ARTIGO 1.º
(Objectivos do Ministério)
a)Definir a política agrária e de pescas e coordenar as acções necessárias à sua execução;
b)Elaborar o plano de desenvolvimento agrário e das pescas e dos sectores comerciais associados, a integrar no plano geral de desenvolvimento do País;
c)Definir e executar a política comercial de abastecimento nacional em bens alimentares e em matérias-primas necessárias à sua produção;
d)Estabelecer as bases da política nacional de alimentação;
e)Estabelecer a política de concorrência e preços;
f)Apoiar as actividades económicas relacionadas com a industrialização e a exportação de produtos agrários e alimentares.
ARTIGO 2.º
(Conselho Nacional da Agricultura, Comércio e Pescas)

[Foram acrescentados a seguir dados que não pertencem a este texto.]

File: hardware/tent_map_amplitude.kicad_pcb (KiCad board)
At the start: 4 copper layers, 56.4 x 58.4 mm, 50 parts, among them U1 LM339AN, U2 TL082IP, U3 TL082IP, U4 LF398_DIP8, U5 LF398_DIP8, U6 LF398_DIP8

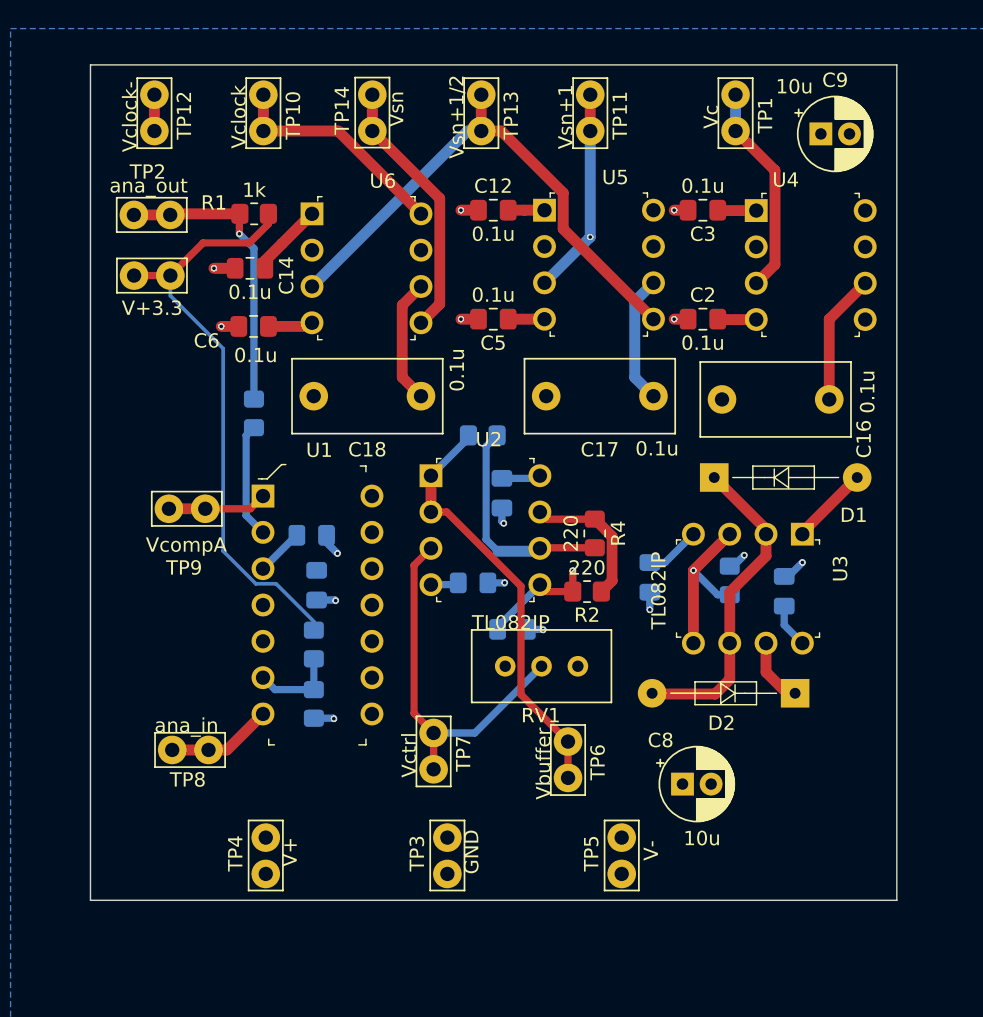
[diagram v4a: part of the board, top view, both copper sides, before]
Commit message: Go back to old board design with all components on front, Merge previous changes
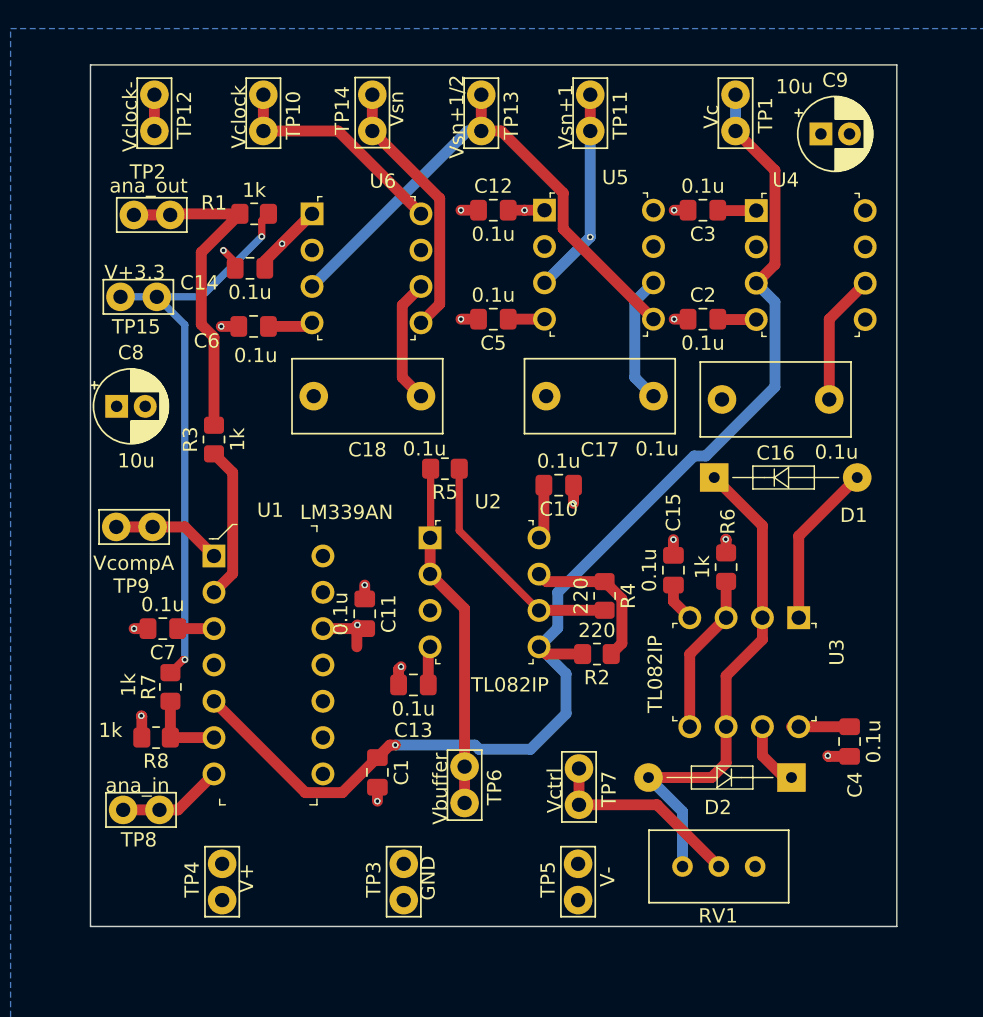
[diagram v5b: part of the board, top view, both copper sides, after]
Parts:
- C1, C10, C11, C13, C15, C4, C7, R3, R5, R6, R7, R8: moved to F.Cu
- moved C8 47.6 mm to (68.4, 77.2)
- moved RV1 18.7 mm to (108.0, 109.4)
- moved C1 13.8 mm to (86.6, 102.8), turned to 270 degrees
- moved C7 12.3 mm to (71.6, 92.8), turned to 180 degrees
- moved C4 11.5 mm to (119.6, 100.7), turned to 90 degrees
- moved R8 11.3 mm to (71.1, 100.4), turned to 180 degrees
- moved TP7 10.5 mm to (100.7, 105.1)
- moved R7 10.5 mm to (72.1, 96.8)
- moved C13 8.26 mm to (89.1, 96.7), turned to 0 degrees
- moved TP6 7.44 mm to (92.7, 105.0)
- moved D2 5.90 mm to (115.6, 103.2)
- moved U3 5.85 mm to (116.1, 92.0)
- moved TP8 5.42 mm to (68.8, 105.4)
- moved U1 5.42 mm to (75.2, 87.7)
- moved R4 4.42 mm to (102.5, 90.5)
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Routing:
- net Net-(C1-Pad1): track 70.6 -> 86.7 mm
- net Net-(R6-Pad2): track 51.7 -> 61.9 mm, vias 1 -> 0
- net Net-(D1-Pad2): track 5.78 -> 11.5 mm
- net Net-(R5-Pad2): track 29.7 -> 24.4 mm
- net V-: track 14.4 -> 18.3 mm, vias 0 -> 1
- net Net-(RV1-Pad2): track 26.0 -> 29.5 mm
- net Net-(R1-Pad2): track 20.8 -> 23.7 mm, vias 1 -> 0
- net Net-(R3-Pad1): track 8.04 -> 10.8 mm
- net Net-(D1-Pad1): track 32.9 -> 35.5 mm
- net Net-(R4-Pad2): track 15.6 -> 16.8 mm
- net V+: track 25.6 -> 26.5 mm, vias 1 -> 3
- net GND: track 17.9 -> 17.0 mm
- net Net-(R2-Pad1): track 9.92 -> 10.7 mm
- net +3V3: track 41.4 -> 41.0 mm, vias 0 -> 2
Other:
- board size 56.4 x 58.4 mm -> 56.4 x 60.2 mm

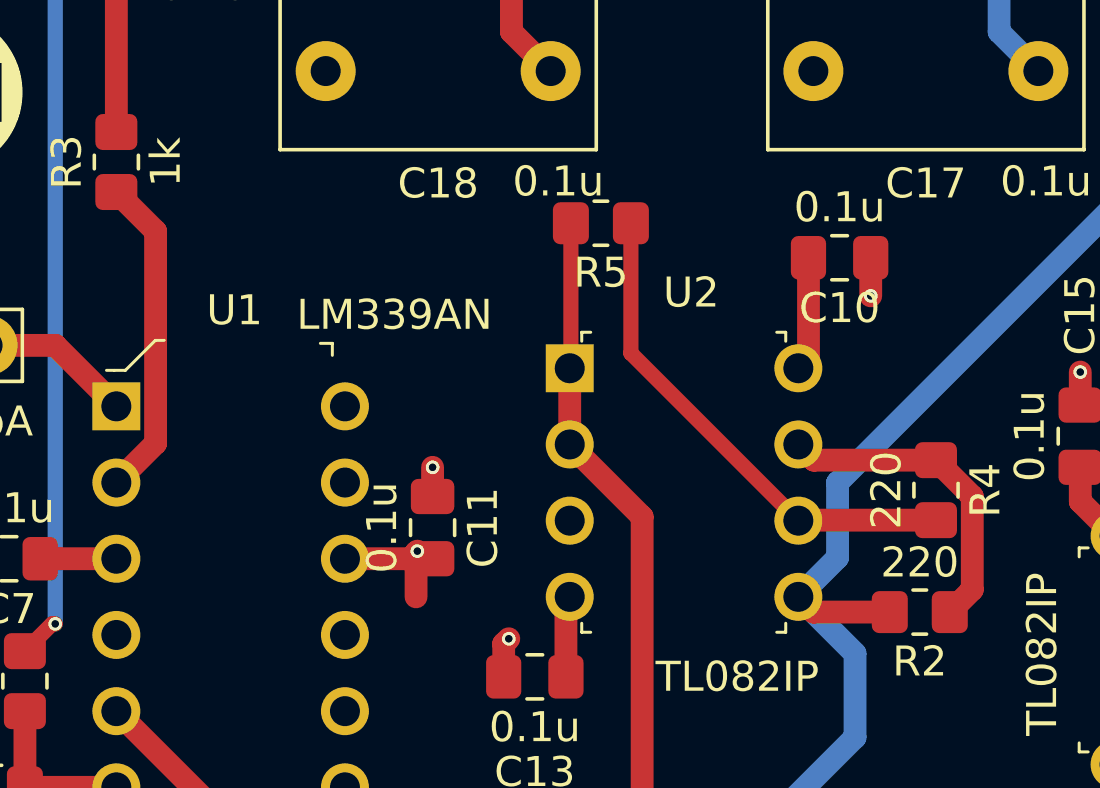
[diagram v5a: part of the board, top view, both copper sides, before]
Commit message: Remove some uneeded traces and vias
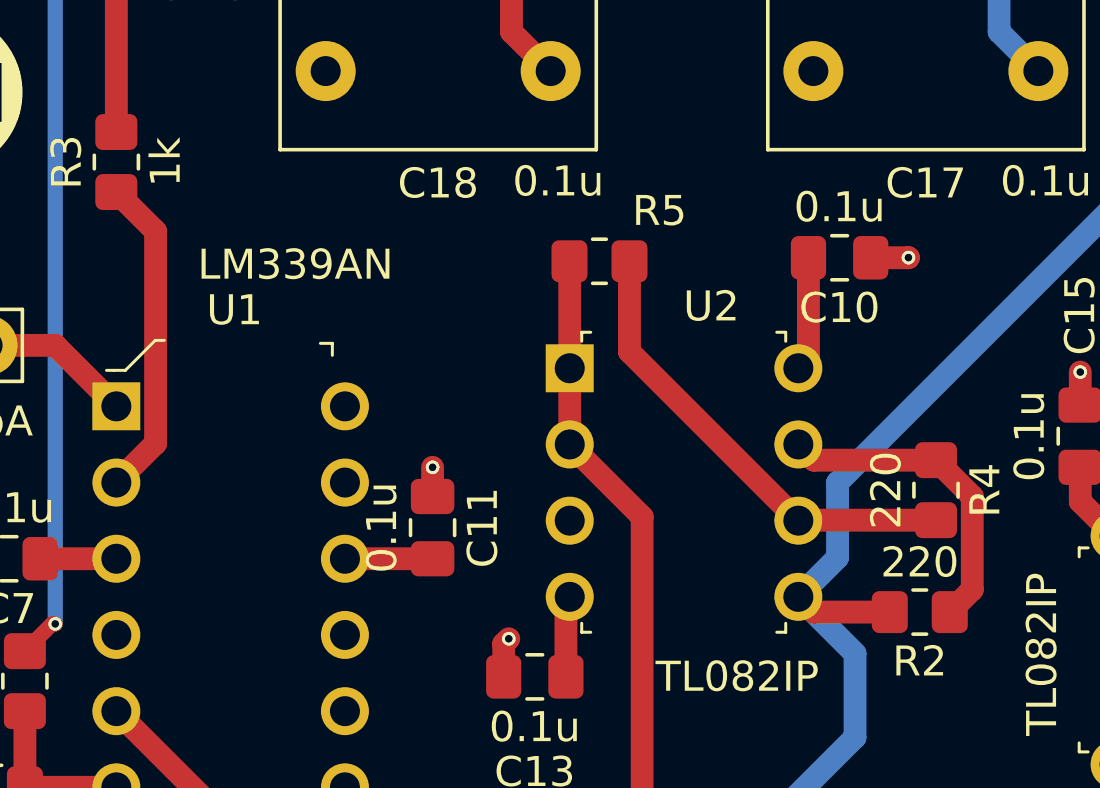
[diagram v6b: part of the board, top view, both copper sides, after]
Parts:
- moved R5 1.27 mm to (91.3, 82.8)
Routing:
- net V-: track 18.3 -> 16.8 mm, vias 1 -> 0
- net Net-(R5-Pad2): track 24.4 -> 23.1 mm
- net Net-(R4-Pad2): track 16.8 -> 15.6 mm
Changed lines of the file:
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@@
     (thickness 1.6002)
     (drawings 5)
-    (tracks 203)
+    (tracks 201)
     (zones 0)
     (modules 50)
@@
   )
   (module Resistor_SMD:R_0805_2012Metric_Pad1.20x1.40mm_HandSolder (layer Front)
-    (at 91.3351 81.57718 180)
+    (at 91.2876 82.84464 180)
     (descr "Resistor SMD 0805 (2012 Metric), square (rectangular) end terminal, IPC_7351 nominal with elongated pad for handsoldering. (Body size source: IPC-SM-782 page 72, https://www.pcb-3d.com/wordpress/wp-content/uploads/ipc-sm-782a_amendment_1_and_2.pdf), generated with kicad-footprint-generator")
     (tags "resistor handsolder")
     (attr smd)
-    (fp_text reference R5 (at 0 -1.65) (layer F.SilkS)
+    (fp_text reference R5 (at -2.00152 1.67386) (layer F.SilkS)
       (effects (font (size 1 1) (thickness 0.15)))
     )
@@
     (at 90.297 86.4108)
     (descr http://media.digikey.com/pdf/Data%20Sheets/Lite-On%20PDFs/6N137%20Series.pdf)
-    (fp_text reference U2 (at 4.05 -2.52) (layer F.SilkS)
+    (fp_text reference U2 (at 4.72186 -2.0574) (layer F.SilkS)
       (effects (font (size 1 1) (thickness 0.15)))
     )
@@
       (effects (font (size 1 1) (thickness 0.15)))
     )
-    (fp_text value LM339AN (at 9.271 -3.048) (layer F.SilkS)
+    (fp_text value LM339AN (at 5.97154 -4.71932) (layer F.SilkS)
       (effects (font (size 1 1) (thickness 0.15)))
     )
@@
   (segment (start 88.095 95.5978) (end 88.265 95.4278) (width 0.762) (layer Front) (net 1))
   (segment (start 88.095 96.6978) (end 88.095 95.5978) (width 0.762) (layer Front) (net 1))
-  (segment (start 100.33 82.7278) (end 100.33 83.9978) (width 0.762) (layer Front) (net 1))
-  (via (at 100.33 83.9978) (size 0.4572) (drill 0.254) (layers Front Back) (net 1))
   (segment (start 76.665 67.13238) (end 75.84694 66.31432) (width 0.508) (layer Front) (net 1))
   (via (at 75.84694 66.31432) (size 0.4572) (drill 0.254) (layers Front Back) (net 1))
   (segment (start 76.665 67.564) (end 76.665 67.13238) (width 0.508) (layer Front) (net 1))
+  (via (at 101.5873 82.72272) (size 0.4572) (drill 0.254) (layers Front Back) (net 1))
+  (segment (start 101.58222 82.7278) (end 101.5873 82.72272) (width 0.762) (layer Front) (net 1))
+  (segment (start 100.33 82.7278) (end 101.58222 82.7278) (width 0.762) (layer Front) (net 1))
   (segment (start 98.425 94.5388) (end 97.917 94.0308) (width 0.762) (layer Front) (net 2))
   (segment (start 100.965 94.5388) (end 98.425 94.5388) (width 0.762) (layer Front) (net 2))
@@
   (segment (start 114.414201 69.913401) (end 114.414201 75.857199) (width 0.762) (layer Back) (net 2))
   (segment (start 113.1062 68.6054) (end 114.414201 69.913401) (width 0.762) (layer Back) (net 2))
-  (via (at 85.217 92.5068) (size 0.4572) (drill 0.254) (layers Front Back) (net 3))
-  (segment (start 85.174 92.5498) (end 85.217 92.5068) (width 0.762) (layer Front) (net 3))
-  (segment (start 85.174 94.0308) (end 85.174 92.5498) (width 0.762) (layer Front) (net 3))
   (segment (start 95.758 71.12) (end 98.298 71.12) (width 0.762) (layer Front) (net 3))
   (segment (start 81.788 71.628) (end 82.042 71.374) (width 0.762) (layer Front) (net 3))
@@
   (segment (start 97.933 91.4748) (end 97.917 91.4908) (width 0.762) (layer Front) (net 10))
   (segment (start 102.505 91.4748) (end 97.933 91.4748) (width 0.762) (layer Front) (net 10))
-  (segment (start 92.3351 85.9089) (end 97.917 91.4908) (width 0.508) (layer Front) (net 10))
-  (segment (start 92.3351 81.57718) (end 92.3351 85.9089) (width 0.508) (layer Front) (net 10))
+  (segment (start 92.2876 85.8614) (end 97.917 91.4908) (width 0.762) (layer Front) (net 10))
+  (segment (start 92.2876 82.84464) (end 92.2876 85.8614) (width 0.762) (layer Front) (net 10))
   (segment (start 90.297 86.4108) (end 90.297 88.9508) (width 0.762) (layer Front) (net 28))
   (segment (start 92.71 104.9528) (end 92.71 102.4128) (width 0.762) (layer Front) (net 28))
@@
   (segment (start 78.52664 64.22136) (end 78.994 63.754) (width 0.508) (layer Front) (net 27))
   (segment (start 78.52664 65.3415) (end 78.52664 64.22136) (width 0.508) (layer Front) (net 27))
-  (segment (start 90.3351 86.3727) (end 90.297 86.4108) (width 0.508) (layer Front) (net 28))
-  (segment (start 90.3351 81.57718) (end 90.3351 86.3727) (width 0.508) (layer Front) (net 28))
+  (segment (start 90.297 82.85404) (end 90.2876 82.84464) (width 0.762) (layer Front) (net 28))
+  (segment (start 90.297 86.4108) (end 90.297 82.85404) (width 0.762) (layer Front) (net 28))
   (zone (net 3) (net_name V-) (layer Back) (hatch edge 0.508)
     (connect_pads (clearance 0.508))

1 -Junto do Ministro funciona o Conselho Nacional da Agricultura, Comércio e Pescas, órgão consultivo da Administração Pública com o objectivo de assegurar uma estreita cooperação com as entidades sócio-económicas destes sectores.
2 -O Conselho terá as seguintes secções:
3 -Cada uma das secções do Conselho poderá subdividir-se em subsecções.
4 -As secções e subsecções do Conselho poderão funcionar conjuntamente quando a natureza dos assuntos sob consulta o impuser por se incluir nas áreas das respectivas competências consultivas.
5 -São extintos os Conselhos Nacionais da Agricultura e Pescas e do Comércio Interno, podendo o Ministro decidir, por despacho, a extinção das comissões consultivas especiais existentes ou a sua transformação em subsecções do Conselho.
6 -O Ministro definirá, por despacho, a composição, as atribuições, as competências e as normas de funcionamento do Conselho e das respectivas secções e subsecções, competindo à Direcção-Geral de Administração e Orçamento prestar o apoio técnico e administrativo necessário ao desempenho das respectivas funções.
ARTIGO 3.º
(Direcções regionais de agricultura, comércio e pescas)
1 -Na dependência directa do Ministro funcionam as direcções regionais de agricultura, comércio e pescas, com atribuições de concepção, de fomento técnico e económico e de execução a nível regional da política agrária, comercial e das pescas.
2 -As direcções regionais têm como objectivo primordial promover e estabelecer o contacto directo com os agentes económicos, veiculando o processo de desenvolvimento, de mudança e de modernização dos sectores agro-alimentares.
3 -As direcções regionais são equiparadas para todos os efeitos a direcções-gerais e o seu apetrechamento em meios humanos e materiais constitui objectivo prioritário do Ministério.
ARTIGO 4.º
(Órgãos de apoio ao Ministro)
1 -Na dependência directa do Ministro funcionam os seguintes órgãos de apoio:
a)Gabinete de Informação e Comunicação Social, destinado a coordenar os contactos com os meios de comunicação o social, a política de imagem do Ministério e as diversas acções correlatas de projecção externa da actuação do Ministério, e bem assim as funções de protocolo a exercer no seu âmbito;
b)Gabinete de Cooperação Internacional, destinado a coordenar as acções relacionadas com a cooperação bilateral e multilateral, no âmbito do Ministério, nas áreas não directamente ligadas às comunidades europeias;
c)Gabinete de Relações Externas das Pescas, destinado a coordenar as acções no âmbito dos acordos de cooperação e assistência de carácter bilateral e nos acordos com países estrangeiros no sector das pescas, nas áreas não directamente ligadas às comunidades europeias.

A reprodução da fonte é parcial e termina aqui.